Introduction
The ethical questions surrounding withdrawing support to the critically ill at the end of life require serious consideration to ensure that appropriate action is taken. This paper looks at the moral and ethical dilemma surrounding the decision to withdraw a life support machine for an 84-year-old man with COPD. This study will look into Mr. Martinez’s standards, quality of life, and decisions made by the family concerned regarding their ethical principles guiding them in arriving at their critical choice.
Patient’s Directives
Mr. Martinez explicitly communicated his preference for the exclusion of resuscitation treatments by requesting a written Do Not Resuscitate (DNR) order to be included in the medical documents. As Beauchamp and Childress (2019) acknowledged, autonomy grants the patient the authority to make decisions regarding their medical treatment. This advanced directive aligns with the idea of autonomy. Respect for autonomy is a critical ethical concept that emphasizes the importance of acknowledging the preferences and decisions of individuals. The case of DNR for Mr. Martinez constitutes an instruction for physicians to consider when determining the mode of emergency end-of-life medical care to offer.
Quality of Life
Mr. Martinez’s comfort level needs to be evaluated to examine if it will be possible to conduct the proposed life support measures—state of the environment for the quality of life considerations. A comprehensive assessment of the state of wellness in which the person is placed should be undertaken, considering all their physical, mental and emotional states. Moreover, increasing the oxygen level involuntarily may cause respiratory pain and cast doubt on the correspondence with the principle of beneficence that requires caring for a person’s well-being. Thus, in such a situation, medical experts must make an informed decision that balances the positive effects of life support and possible negative impacts on Mr. Martinez’s health.

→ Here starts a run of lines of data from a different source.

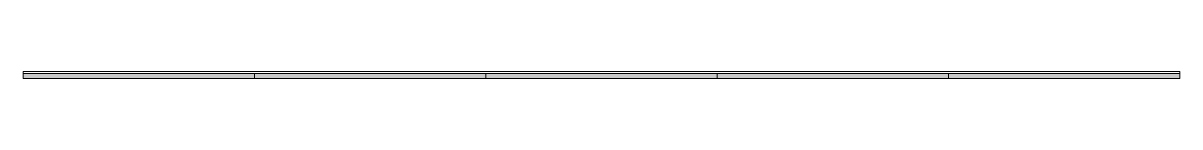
# Model space of a CAD drawing. Header units: inches. Extents: x 131 to 82119, y 71 to 16923.
# Drawn here: x 183.3 to 189.27, y 104.17 to 104.2 of the extents above; entities that cross this region are included whole.
import ezdxf

# ---------------------------------------------------------------- set-up
doc = ezdxf.new("R2010")
doc.units = ezdxf.units.IN
doc.header["$MEASUREMENT"] = 0
doc.layers.add('A-GLAZ-CURT-OTLN', color=52, linetype='Continuous', lineweight=18)
doc.layers.add('A-WALL-____-OTLN', color=113, linetype='Continuous', lineweight=18)

# ---------------------------------------------------------------- blocks, each defined once
blk = doc.blocks.new('System Panel - Glazed-1950763-ARQ-P2')
at = {"layer": 'A-GLAZ-CURT-OTLN'}
blk.add_hatch(color=256, dxfattribs=at).paths.add_polyline_path([(0.5966, 0.0245), (0.5966, 0.0495), (-0.5966, 0.0495), (-0.5966, 0.0245)], flags=0)
for p, q in [((-0.5966, 0.0495), (0.5966, 0.0495)), ((-0.5966, 0.0495), (-0.5966, 0.0245)), ((0.5966, 0.0245), (-0.5966, 0.0245)), ((0.5966, 0.0495), (0.5966, 0.0245))]:
    blk.add_line(p, q, dxfattribs=at)

msp = doc.modelspace()

# ---------------------------------------------------------------- linework, layer by layer
at = {"layer": 'A-WALL-____-OTLN'}
for p, q in [((183.2987, 104.2049), (189.2652, 104.2049)), ((183.2987, 104.2049), (183.2987, 104.1944)), ((189.2652, 104.1944), (189.2652, 104.2049))]:
    msp.add_line(p, q, dxfattribs=at)

# ---------------------------------------------------------------- block references
at = {"layer": 'A-GLAZ-CURT-OTLN'}
for p in [(183.8953, 104.1449), (185.0886, 104.1449), (186.2819, 104.1449), (187.4752, 104.1449), (188.6685, 104.1449)]:
    msp.add_blockref('System Panel - Glazed-1950763-ARQ-P2', p, dxfattribs=at)

doc.saveas('drawing.dxf')

Family’s Stated Preferences
It is equally important to acknowledge the views of the family while deciding on matters concerning end-of-life care. As such, it is crucial to inform Mr. Martinez’s family that he does not wish to receive cardiac resuscitation and other resuscitative treatments. It is also critical to involve the family in the treatment plan; this ensures that their ideas and beliefs are considered during the decision-making process. On the other hand, it is also crucial to consider the patient’s autonomy rather than the views held by the patient’s family on issues that contradict the patient’s expressed demands. (Beauchamp & Childress, 2019).
Moral Issues Associated with Limiting Life Support
The case of Mr. Martinez gives rise to specific ethical considerations about the choice of terminating life-sustaining measures. The inadvertent increase in oxygen levels, leading to respiratory discomfort, raises concerns about the ethical responsibility of healthcare professionals to rectify errors promptly. A challenging ethical quandary occurs when one seeks to find a middle ground between the moral imperative to prevent harm (non-maleficence) and the patient’s autonomy and expressed desires (Beauchamp & Childress, 2019). The complexity of decisions about end-of-life care is underscored by the tension that arises from balancing the principles of beneficence and autonomy.
Ethical Principles Relevant to Decision-Making
Mr. Martinez’s case necessitates examining several ethical factors to reach a morally justifiable verdict. Considering Mr. Martinez’s unambiguous advice against resuscitation, prioritizing autonomy is crucial, as previously stated. When evaluating the potential advantages and risks of life-sustaining treatments, healthcare professionals must consider the principles of promoting well-being and avoiding harm. Beauchamp and Childress (2019) argue that justice is crucial as it ensures fair and impartial decision-making that considers the patient’s rights and significant values.
Essential Considerations
You must consider the consequences, causes, and conflicting interests due to Mr. Martinez’s respiratory failure. The moral imperative to promptly rectify errors and the duty to uphold the patient’s autonomy may clash due to the careless mistake made while adjusting his oxygen levels. Analyzing the decision to transfer Mr Martinez to critical care is essential, considering the established ethical norms and the potential benefits and burdens for the patient.
Conclusion
The thorough ethical analysis of Mr. Martinez’s situation reveals the intricate connection between autonomy, beneficence, non-maleficence, and justice when making judgments about end-of-life treatment. The patient’s directives, concerns over the quality of life, family preferences, and moral dilemmas associated with limiting life support necessitate a thoughtful approach that informs ethical deliberations. Healthcare practitioners are responsible for navigating these complexities while upholding their commitment to the principles that define ethical healthcare practice.
References:
Beauchamp, T. L., & Childress, J. F. (2019). Principles of Biomedical Ethics (8th ed.). Oxford University Press.